The above stated understanding of the industry demands two recommendation systems to be designed:
- Main Recommendation System
The main recommendation system has to recommend based on skin type and cater to the issue of brand switching and new consumers, therefore an appropriate recommender system will be a combination of popular and Item based collaborative filtering recommender. The hybrid recommender will give recommendations to people who have never bought makeup before, aswell as to people who are looking for similar products after a brand switch.
- Second Recommendation System
The second recommendation system is solely designed to solve the issue of bad experience with new products that enter the market.
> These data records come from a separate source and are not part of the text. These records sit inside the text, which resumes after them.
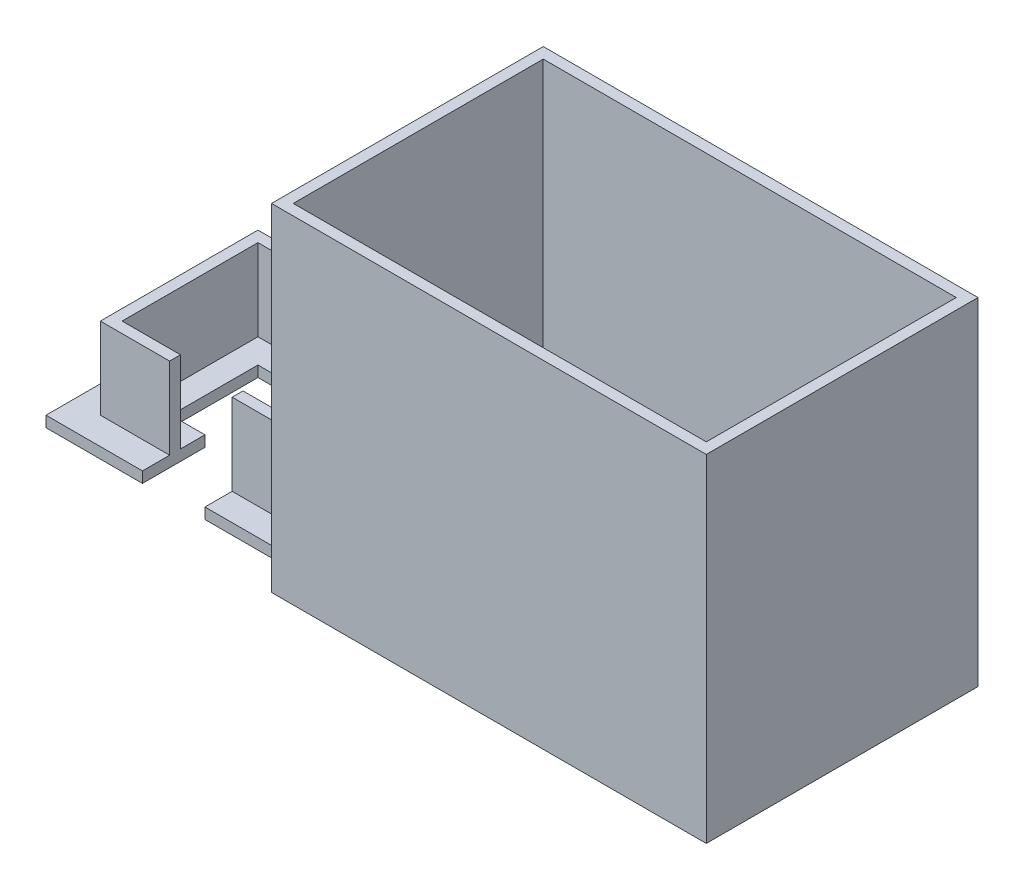
ISO-10303-21;
HEADER;
FILE_DESCRIPTION(('STEP AP214'),'2;1');
FILE_NAME('part.step','',(''),(''),'','','');
FILE_SCHEMA(('AUTOMOTIVE_DESIGN { 1 0 10303 214 1 1 1 1 }'));
ENDSEC;
DATA;
#1=APPLICATION_CONTEXT('core data for automotive mechanical design processes');
#2=APPLICATION_PROTOCOL_DEFINITION('international standard','automotive_design',2000,#1);
#3=PRODUCT_CONTEXT('',#1,'mechanical');
#4=PRODUCT('Part','Part','',(#3));
#5=PRODUCT_RELATED_PRODUCT_CATEGORY('part','',(#4));
#6=PRODUCT_DEFINITION_FORMATION('','',#4);
#7=PRODUCT_DEFINITION_CONTEXT('part definition',#1,'design');
#8=PRODUCT_DEFINITION('design','',#6,#7);
#9=PRODUCT_DEFINITION_SHAPE('','',#8);
#10=(LENGTH_UNIT() NAMED_UNIT(*) SI_UNIT(.MILLI.,.METRE.));
#11=(NAMED_UNIT(*) PLANE_ANGLE_UNIT() SI_UNIT($,.RADIAN.));
#12=(NAMED_UNIT(*) SI_UNIT($,.STERADIAN.) SOLID_ANGLE_UNIT());
#13=UNCERTAINTY_MEASURE_WITH_UNIT(LENGTH_MEASURE(1.E-05),#10,'distance_accuracy_value','');
#14=(GEOMETRIC_REPRESENTATION_CONTEXT(3) GLOBAL_UNCERTAINTY_ASSIGNED_CONTEXT((#13)) GLOBAL_UNIT_ASSIGNED_CONTEXT((#10,
#11,#12)) REPRESENTATION_CONTEXT('',''));
#15=CARTESIAN_POINT('',(0.,0.,0.));
#16=DIRECTION('',(0.,0.,1.));
#17=DIRECTION('',(1.,0.,0.));
#18=AXIS2_PLACEMENT_3D('',#15,#16,#17);
#19=CARTESIAN_POINT('',(0.,2.54,0.));
#20=DIRECTION('',(0.,1.,0.));
#21=DIRECTION('',(0.,0.,1.));
#22=AXIS2_PLACEMENT_3D('',#19,#20,#21);
#23=PLANE('',#22);
#24=DIRECTION('',(0.,0.,-1.));
#25=VECTOR('',#24,1.);
#26=CARTESIAN_POINT('',(-73.3425,2.54,0.));
#27=LINE('',#26,#25);
#28=CARTESIAN_POINT('',(-73.3425,2.54,24.765));
#29=VERTEX_POINT('',#28);
#30=CARTESIAN_POINT('',(-73.3425,2.54,18.415));
#31=VERTEX_POINT('',#30);
#32=EDGE_CURVE('E281',#29,#31,#27,.T.);
#33=ORIENTED_EDGE('',*,*,#32,.F.);
#34=DIRECTION('',(1.,0.,0.));
#35=VECTOR('',#34,1.);
#36=CARTESIAN_POINT('',(0.,2.54,24.765));
#37=LINE('',#36,#35);
#38=CARTESIAN_POINT('',(-50.8,2.54,24.765));
#39=VERTEX_POINT('',#38);
#40=EDGE_CURVE('E361',#29,#39,#37,.T.);
#41=ORIENTED_EDGE('',*,*,#40,.T.);
#42=DIRECTION('',(0.,0.,-1.));
#43=VECTOR('',#42,1.);
#44=CARTESIAN_POINT('',(-50.8,2.54,0.));
#45=LINE('',#44,#43);
#46=CARTESIAN_POINT('',(-50.8,2.54,18.415));
#47=VERTEX_POINT('',#46);
#48=EDGE_CURVE('E362',#39,#47,#45,.T.);
#49=ORIENTED_EDGE('',*,*,#48,.T.);
#50=DIRECTION('',(-1.,0.,0.));
#51=VECTOR('',#50,1.);
#52=CARTESIAN_POINT('',(0.,2.54,18.415));
#53=LINE('',#52,#51);
#54=EDGE_CURVE('E331',#47,#31,#53,.T.);
#55=ORIENTED_EDGE('',*,*,#54,.T.);
#56=EDGE_LOOP('',(#33,#41,#49,#55));
#57=FACE_BOUND('',#56,.T.);
#58=ADVANCED_FACE('F37',(#57),#23,.T.);
#59=CARTESIAN_POINT('',(0.,2.54,24.765));
#60=DIRECTION('',(0.,0.,-1.));
#61=DIRECTION('',(-1.,0.,0.));
#62=AXIS2_PLACEMENT_3D('',#59,#60,#61);
#63=PLANE('',#62);
#64=ORIENTED_EDGE('',*,*,#40,.F.);
#65=DIRECTION('',(0.,1.,0.));
#66=VECTOR('',#65,1.);
#67=CARTESIAN_POINT('',(-73.3425,0.,24.765));
#68=LINE('',#67,#66);
#69=CARTESIAN_POINT('',(-73.3425,0.,24.765));
#70=VERTEX_POINT('',#69);
#71=EDGE_CURVE('E474',#70,#29,#68,.T.);
#72=ORIENTED_EDGE('',*,*,#71,.F.);
#73=DIRECTION('',(1.,0.,0.));
#74=VECTOR('',#73,1.);
#75=CARTESIAN_POINT('',(0.,0.,24.765));
#76=LINE('',#75,#74);
#77=CARTESIAN_POINT('',(-50.8,0.,24.765));
#78=VERTEX_POINT('',#77);
#79=EDGE_CURVE('E260',#70,#78,#76,.T.);
#80=ORIENTED_EDGE('',*,*,#79,.T.);
#81=DIRECTION('',(0.,-1.,0.));
#82=VECTOR('',#81,1.);
#83=CARTESIAN_POINT('',(-50.8,2.54,24.765));
#84=LINE('',#83,#82);
#85=EDGE_CURVE('E388',#39,#78,#84,.T.);
#86=ORIENTED_EDGE('',*,*,#85,.F.);
#87=EDGE_LOOP('',(#64,#72,#80,#86));
#88=FACE_BOUND('',#87,.T.);
#89=ADVANCED_FACE('F473',(#88),#63,.F.);
#90=DIRECTION('',(0.,0.,-1.));
#91=VECTOR('',#90,1.);
#92=CARTESIAN_POINT('',(-73.3425,2.54,0.));
#93=LINE('',#92,#91);
#94=CARTESIAN_POINT('',(-73.3425,2.54,15.875));
#95=VERTEX_POINT('',#94);
#96=CARTESIAN_POINT('',(-73.3425,2.54,10.16));
#97=VERTEX_POINT('',#96);
#98=EDGE_CURVE('E60',#95,#97,#93,.T.);
#99=ORIENTED_EDGE('',*,*,#98,.F.);
#100=DIRECTION('',(-1.,0.,0.));
#101=VECTOR('',#100,1.);
#102=CARTESIAN_POINT('',(0.,2.54,15.875));
#103=LINE('',#102,#101);
#104=CARTESIAN_POINT('',(-50.8,2.54,15.875));
#105=VERTEX_POINT('',#104);
#106=EDGE_CURVE('E300',#105,#95,#103,.T.);
#107=ORIENTED_EDGE('',*,*,#106,.F.);
#108=CARTESIAN_POINT('',(-50.8,2.54,10.16));
#109=VERTEX_POINT('',#108);
#110=EDGE_CURVE('E366',#105,#109,#45,.T.);
#111=ORIENTED_EDGE('',*,*,#110,.T.);
#112=DIRECTION('',(1.,0.,0.));
#113=VECTOR('',#112,1.);
#114=CARTESIAN_POINT('',(-50.8,2.54,10.16));
#115=LINE('',#114,#113);
#116=EDGE_CURVE('E284',#97,#109,#115,.T.);
#117=ORIENTED_EDGE('',*,*,#116,.F.);
#118=EDGE_LOOP('',(#99,#107,#111,#117));
#119=FACE_BOUND('',#118,.T.);
#120=ADVANCED_FACE('F534',(#119),#23,.T.);
#121=CARTESIAN_POINT('',(0.,21.59,18.415));
#122=DIRECTION('',(0.,0.,1.));
#123=DIRECTION('',(1.,0.,0.));
#124=AXIS2_PLACEMENT_3D('',#121,#122,#123);
#125=PLANE('',#124);
#126=DIRECTION('',(0.,1.,0.));
#127=VECTOR('',#126,1.);
#128=CARTESIAN_POINT('',(-73.3425,21.59,18.415));
#129=LINE('',#128,#127);
#130=CARTESIAN_POINT('',(-73.3425,21.59,18.415));
#131=VERTEX_POINT('',#130);
#132=EDGE_CURVE('E497',#31,#131,#129,.T.);
#133=ORIENTED_EDGE('',*,*,#132,.F.);
#134=ORIENTED_EDGE('',*,*,#54,.F.);
#135=DIRECTION('',(0.,-1.,0.));
#136=VECTOR('',#135,1.);
#137=CARTESIAN_POINT('',(-50.8,21.59,18.415));
#138=LINE('',#137,#136);
#139=CARTESIAN_POINT('',(-50.8,21.59,18.415));
#140=VERTEX_POINT('',#139);
#141=EDGE_CURVE('E341',#140,#47,#138,.T.);
#142=ORIENTED_EDGE('',*,*,#141,.F.);
#143=DIRECTION('',(-1.,0.,0.));
#144=VECTOR('',#143,1.);
#145=CARTESIAN_POINT('',(0.,21.59,18.415));
#146=LINE('',#145,#144);
#147=EDGE_CURVE('E312',#140,#131,#146,.T.);
#148=ORIENTED_EDGE('',*,*,#147,.T.);
#149=EDGE_LOOP('',(#133,#134,#142,#148));
#150=FACE_BOUND('',#149,.T.);
#151=ADVANCED_FACE('F571',(#150),#125,.T.);
#152=CARTESIAN_POINT('',(0.,21.59,15.875));
#153=DIRECTION('',(0.,0.,1.));
#154=DIRECTION('',(1.,0.,0.));
#155=AXIS2_PLACEMENT_3D('',#152,#153,#154);
#156=PLANE('',#155);
#157=ORIENTED_EDGE('',*,*,#106,.T.);
#158=DIRECTION('',(0.,1.,0.));
#159=VECTOR('',#158,1.);
#160=CARTESIAN_POINT('',(-73.3425,21.59,15.875));
#161=LINE('',#160,#159);
#162=CARTESIAN_POINT('',(-73.3425,21.59,15.875));
#163=VERTEX_POINT('',#162);
#164=EDGE_CURVE('E493',#95,#163,#161,.T.);
#165=ORIENTED_EDGE('',*,*,#164,.T.);
#166=DIRECTION('',(-1.,0.,0.));
#167=VECTOR('',#166,1.);
#168=CARTESIAN_POINT('',(0.,21.59,15.875));
#169=LINE('',#168,#167);
#170=CARTESIAN_POINT('',(-50.8,21.59,15.875));
#171=VERTEX_POINT('',#170);
#172=EDGE_CURVE('E315',#171,#163,#169,.T.);
#173=ORIENTED_EDGE('',*,*,#172,.F.);
#174=DIRECTION('',(0.,-1.,0.));
#175=VECTOR('',#174,1.);
#176=CARTESIAN_POINT('',(-50.8,21.59,15.875));
#177=LINE('',#176,#175);
#178=EDGE_CURVE('E339',#171,#105,#177,.T.);
#179=ORIENTED_EDGE('',*,*,#178,.T.);
#180=EDGE_LOOP('',(#157,#165,#173,#179));
#181=FACE_BOUND('',#180,.T.);
#182=ADVANCED_FACE('F567',(#181),#156,.F.);
#183=CARTESIAN_POINT('',(0.,21.59,0.));
#184=DIRECTION('',(0.,1.,0.));
#185=DIRECTION('',(0.,0.,1.));
#186=AXIS2_PLACEMENT_3D('',#183,#184,#185);
#187=PLANE('',#186);
#188=DIRECTION('',(0.,0.,-1.));
#189=VECTOR('',#188,1.);
#190=CARTESIAN_POINT('',(-73.3425,21.59,10.16));
#191=LINE('',#190,#189);
#192=EDGE_CURVE('E560',#131,#163,#191,.T.);
#193=ORIENTED_EDGE('',*,*,#192,.F.);
#194=ORIENTED_EDGE('',*,*,#147,.F.);
#195=DIRECTION('',(0.,0.,-1.));
#196=VECTOR('',#195,1.);
#197=CARTESIAN_POINT('',(-50.8,21.59,0.));
#198=LINE('',#197,#196);
#199=EDGE_CURVE('E306',#140,#171,#198,.T.);
#200=ORIENTED_EDGE('',*,*,#199,.T.);
#201=ORIENTED_EDGE('',*,*,#172,.T.);
#202=EDGE_LOOP('',(#193,#194,#200,#201));
#203=FACE_BOUND('',#202,.T.);
#204=ADVANCED_FACE('F568',(#203),#187,.T.);
#205=CARTESIAN_POINT('',(-50.8,0.,10.16));
#206=DIRECTION('',(0.,0.,1.));
#207=DIRECTION('',(1.,0.,0.));
#208=AXIS2_PLACEMENT_3D('',#205,#206,#207);
#209=PLANE('',#208);
#210=DIRECTION('',(1.,0.,0.));
#211=VECTOR('',#210,1.);
#212=CARTESIAN_POINT('',(-50.8,0.,10.16));
#213=LINE('',#212,#211);
#214=CARTESIAN_POINT('',(-73.3425,0.,10.16));
#215=VERTEX_POINT('',#214);
#216=CARTESIAN_POINT('',(-50.8,0.,10.16));
#217=VERTEX_POINT('',#216);
#218=EDGE_CURVE('E257',#215,#217,#213,.T.);
#219=ORIENTED_EDGE('',*,*,#218,.F.);
#220=DIRECTION('',(0.,1.,0.));
#221=VECTOR('',#220,1.);
#222=CARTESIAN_POINT('',(-73.3425,0.,10.16));
#223=LINE('',#222,#221);
#224=EDGE_CURVE('E243',#215,#97,#223,.T.);
#225=ORIENTED_EDGE('',*,*,#224,.T.);
#226=ORIENTED_EDGE('',*,*,#116,.T.);
#227=DIRECTION('',(0.,1.,0.));
#228=VECTOR('',#227,1.);
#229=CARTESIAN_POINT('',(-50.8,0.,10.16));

In order to only recommend new products that have been previously vetted by similar users, a User based collaborative filtering recommender is designed.
Main Recommendation System
recc <- NA
targeted_skin <- NA
# This algorithm only recommends within one skin_type
trainMyAlgorithm <- function(data, metadata, skin) {
targeted_skin <<- metadata[metadata[,skin] == 1, "product"]
filtered_data <- data[,targeted_skin]
recc <<- HybridRecommender(Recommender(filtered_data[1:69], method="IBCF", param=list(method =
"Pearson",k=300)),
Recommender(filtered_data[1:69], method="POPULAR", param= NULL),
weights = c(0.65,0.35)
)
}
applyMyAlgorithm <- function(data) {
filtered_data <- data[,targeted_skin]
pre <- predict(recc, filtered_data, n = 2)
return(as(pre,"list"))
}
Predictions
trainMyAlgorithm(train, sephora_reviews_edited, skin="skin_type_oily")
head(applyMyAlgorithm(known))
## $`1`
## [1] "P382355" "P382355"
##
## $`12`
## [1] "P382355" "P382355"
##
## $`13`
## [1] "P38217" "P38217"
##
## $`14`
## [1] "P38217" "P38217"
##
## $`17`
## [1] "P38217" "P38217"
##
## $`21`
## [1] "P382355" "P382355"
Second Recommendation System
recc <- NA
targeted_skin <- NA
# This algorithm only recommends within one skin_type
trainMyAlgorithm <- function(data, metadata, skin) {
targeted_skin <<- metadata[metadata[,skin] == 1, "product"]
filtered_data <- data[,targeted_skin]
recc <<- Recommender(filtered_data[1:69], method="UBCF",param=list(nn=40))
}
applyMyAlgorithm <- function(data) {
filtered_data <- data[,targeted_skin]
pre <- predict(recc, filtered_data, n = 2)
return(as(pre, "list"))
}
Predictions
trainMyAlgorithm(train, sephora_reviews_edited, skin="skin_type_combination")
head(applyMyAlgorithm(known))
## $`1`
## [1] "P384342"
##
## $`12`
## [1] "P384342"
##
## $`13`
## character(0)
##
## $`14`
## character(0)
##
## $`17`
## character(0)
##
## $`21`
## [1] "P384342"
Feedback Loop
Recommender systems require a strong feedback loop in order to provide valuable recommendations to users. As this recommender system will be sold to Makeup brands and will be installed at points of sale to facilitate customers in their buying decision, the feedback will be based on actual sale of products that are recommended. If a customer buys the product that is recommended, a transaction is considered a good recommendation, otherwise the recommender system considers it a bad recommendations and learns from it. Since consumers try the product before buying, purchase of product is a good indicator of a good recommendation.